Notturno, 2020.
Written and directed by Gianfranco Rosi.
SYNOPSIS:
Gianfranco Rosi’s new documentary is an immersive portrait of those trying to survive in the war-torn Middle East.
Gianfranco Rosi’s (Fire at Sea) new documentary affirms both the strengths and weaknesses of his quasi-observational filmmaking style, delivering a deeply-felt yet flawed collage of life lived on the borders of Iraq, Kurdistan, Syria, and Lebanon.
Without much of a guiding “narrative” to speak of beyond a brief opening title card and occasional chatter from Rosi’s subjects, Notturno is largely focused on constructing meaning through loaded, often harrowing and mostly wordless imagery.
It’s an approach which sometimes proves ponderous, yet is at the same time effective in creating an immersive, slice-of-life feel. Rosi’s film opens with an incredible shot of soldiers jogging in a circuit, with a new wave of men emerging from the left-hand side of the screen periodically. Moments later, we see a woman wailing in the jail cell where her son was tortured and killed.
These scenes set a powerful tone from the outset, while establishing that Rosi is keen to leap from one scenario to another with no more specific link than the sheer human struggle of those attempting to survive in the fraught Middle East.
In one aside, Rosi is granted access inside a psychiatric ward, where patients are acting out a play to make sense of their feelings. Elsewhere a young boy cleans a rifle before heading out into the airy wilderness to hunt food for his many siblings. An all-female squad of soldiers sweep a series of buildings as a training exercise. In prison, dozens of men are crammed into a single cell like battery farmed chickens.
Each of these scenes proves rousing in their own way, though by far the most evocative segment on offer is a devastating mid-film sequence in which Yazidi children who have witnessed ISIS’ genocide first-hand draw what they have seen and talk it through with a therapist.

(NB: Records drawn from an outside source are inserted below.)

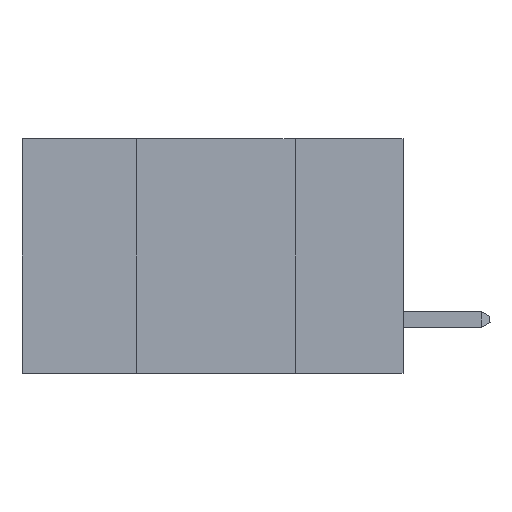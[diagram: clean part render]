
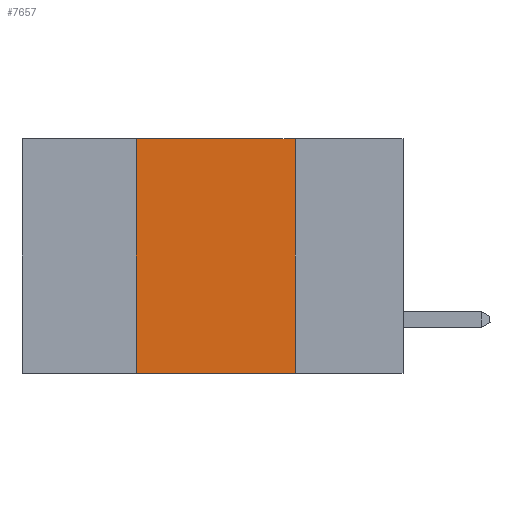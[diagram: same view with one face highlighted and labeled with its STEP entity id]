
A CAD part, left-side view. The second image highlights one B-rep face of the part: STEP entity #7657.
In plain terms, the highlighted planar face has unit normal (-1, 0, 0).
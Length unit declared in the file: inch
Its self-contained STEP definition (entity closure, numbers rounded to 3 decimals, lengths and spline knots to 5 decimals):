
#100 = DIRECTION ( 'NONE',  ( 0., -1., 0. ) ) ;
#1710 = FACE_OUTER_BOUND ( 'NONE', #15819, .T. ) ;
#1923 = EDGE_CURVE ( 'NONE', #7039, #5067, #10922, .T. ) ;
#1955 = LINE ( 'NONE', #10467, #18864 ) ;
#2369 = VECTOR ( 'NONE', #20937, 39.37008 ) ;
#2394 = ORIENTED_EDGE ( 'NONE', *, *, #13029, .F. ) ;
#2776 = CARTESIAN_POINT ( 'NONE',  ( 0., 0.6, 0. ) ) ;
#2837 = VERTEX_POINT ( 'NONE', #6453 ) ;
#3651 = CARTESIAN_POINT ( 'NONE',  ( 0., 0.17, -0.37 ) ) ;
#3810 = VECTOR ( 'NONE', #5073, 39.37008 ) ;
#3899 = DIRECTION ( 'NONE',  ( 1., 0., 0. ) ) ;
#5067 = VERTEX_POINT ( 'NONE', #6552 ) ;
#5073 = DIRECTION ( 'NONE',  ( 0., 0., -1. ) ) ;
#6453 = CARTESIAN_POINT ( 'NONE',  ( 0., 0.17, 0. ) ) ;
#6552 = CARTESIAN_POINT ( 'NONE',  ( 0., 0.42, 0. ) ) ;
#7039 = VERTEX_POINT ( 'NONE', #19032 ) ;
#7065 = DIRECTION ( 'NONE',  ( 0., -1., 0. ) ) ;
#7657 = ADVANCED_FACE ( 'NONE', ( #1710 ), #15690, .F. ) ;
#9757 = DIRECTION ( 'NONE',  ( 0., 0., -1. ) ) ;
#9843 = VERTEX_POINT ( 'NONE', #3651 ) ;
#10467 = CARTESIAN_POINT ( 'NONE',  ( 0., 0.6, -0.37 ) ) ;
#10901 = ORIENTED_EDGE ( 'NONE', *, *, #21650, .T. ) ;
#10922 = LINE ( 'NONE', #12134, #2369 ) ;
#12098 = CARTESIAN_POINT ( 'NONE',  ( 0., 0.6, 0. ) ) ;
#12134 = CARTESIAN_POINT ( 'NONE',  ( 0., 0.42, 0. ) ) ;
#13013 = ORIENTED_EDGE ( 'NONE', *, *, #1923, .F. ) ;
#13029 = EDGE_CURVE ( 'NONE', #2837, #9843, #21674, .T. ) ;
#13404 = VECTOR ( 'NONE', #100, 39.37008 ) ;
#13534 = CARTESIAN_POINT ( 'NONE',  ( 0., 0.17, 0. ) ) ;
#14467 = LINE ( 'NONE', #12098, #13404 ) ;
#14745 = AXIS2_PLACEMENT_3D ( 'NONE', #2776, #3899, #9757 ) ;
#15690 = PLANE ( 'NONE',  #14745 ) ;
#15819 = EDGE_LOOP ( 'NONE', ( #2394, #19471, #13013, #10901 ) ) ;
#16823 = EDGE_CURVE ( 'NONE', #5067, #2837, #14467, .T. ) ;
#18864 = VECTOR ( 'NONE', #7065, 39.37008 ) ;
#19032 = CARTESIAN_POINT ( 'NONE',  ( 0., 0.42, -0.37 ) ) ;
#19471 = ORIENTED_EDGE ( 'NONE', *, *, #16823, .F. ) ;
#20937 = DIRECTION ( 'NONE',  ( 0., 0., 1. ) ) ;
#21650 = EDGE_CURVE ( 'NONE', #7039, #9843, #1955, .T. ) ;
#21674 = LINE ( 'NONE', #13534, #3810 ) ;
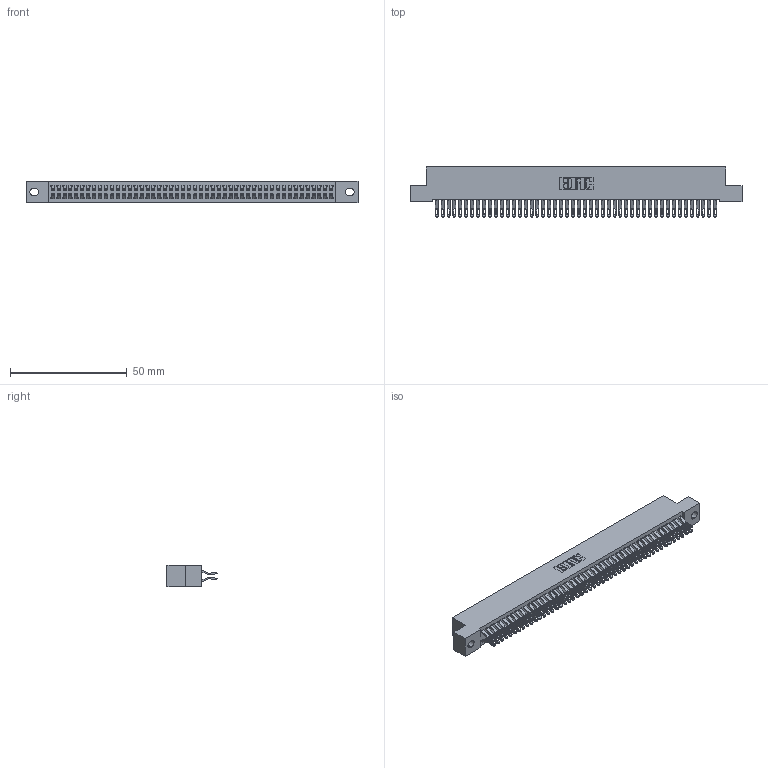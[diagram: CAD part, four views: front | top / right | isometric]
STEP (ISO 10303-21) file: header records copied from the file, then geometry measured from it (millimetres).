
FILE_DESCRIPTION (( 'STEP AP203' ), '1' );
FILE_NAME ('342-096-555-202.STEP', '2018-08-14T03:19:34', ( '' ), ( '' ), 'SwSTEP 2.0', 'SolidWorks 2016', '' );
FILE_SCHEMA (( 'CONFIG_CONTROL_DESIGN' ));
Length unit declared in the file: inch
Products named in the file (3): 342 Part_.128 Slot; 345-292-001_555 Tail; 342-096-555-202
Assembly tree (97 placements, depth 2):
  342-096-555-202
    342 Part_.128 Slot
    345-292-001_555 Tail  x96
Bounding box: 142.24 x 21.47 x 9.4 mm (x, y, z)
Volume: 13023.3 mm3; surface area: 22034.8 mm2
Topology: 97 solids, 97 shells, 5682 faces, 17879 edges, 11918 vertices
Faces by surface type: plane 3334, cylinder 2348
Entity records: 30433 total; most frequent: CARTESIAN_POINT 5072, ORIENTED_EDGE 4978, DIRECTION 4293, EDGE_CURVE 2489, VECTOR 2341, LINE 2341, VERTEX_POINT 1658, AXIS2_PLACEMENT_3D 976

The images and spoken tales of internment, torture, and death are obviously upsetting, with the added heartbreak of such young souls shouldering the weight of so much pain and fear. Seeing all the drawings stuck to the wall, where we can discern scrawled imagery of spectral ISIS death merchants, severed limbs, impending decapitations, and the burning of bodies, renders the imagined real in a uniquely nauseating way.
Another especially heart-rending sequence sees a mother listen to the increasingly urgent, desperate phone messages from her kidnapped daughter, who begs her to pay a ransom to her captors. It’s a short scene, but one thoroughly awash in agony, especially with the particulars of its outcome unknown – though audiences may well make their own unfortunate deductions.
As starkly effective as so many of the images are, though, it’s difficult to let go of the fact that large swaths of the film feel excessively staged, with contrived camera placement drawing attention to its own artifice, suggesting that many of the segments are as much constructed as they are captured.
If you can let that nagging feeling go, however, this is still a deeply visceral portrait of life in one of Earth’s most hellish regions. It’s easy to appreciate how some might see its lingering depictions of grief as exploitative, but it also draws distinct attention to the horrors these people have lived through.
Even in its more plodding moments – of which there are many, to be fair – Notturno is beautifully filmed by Rosi, who serves as his own cinematographer. His sharp eye for framing and striking imagery is clear in every moment, with the end result as gorgeous and considered as any narrative feature.
All in all there’s a fair argument to be made that the assortment of moving photographs might’ve felt more directly impactful as a concise short, because some of the more laboured passages do detract somewhat from the overall emotional effect. Also, the more obviously staged sequences will have you thinking far more about the documentary form itself than Rosi likely intended.
A grim yet beautiful tableau, if perhaps too spare in presentation – and too obviously arranged for its filmmaker’s benefit – to fully satisfy.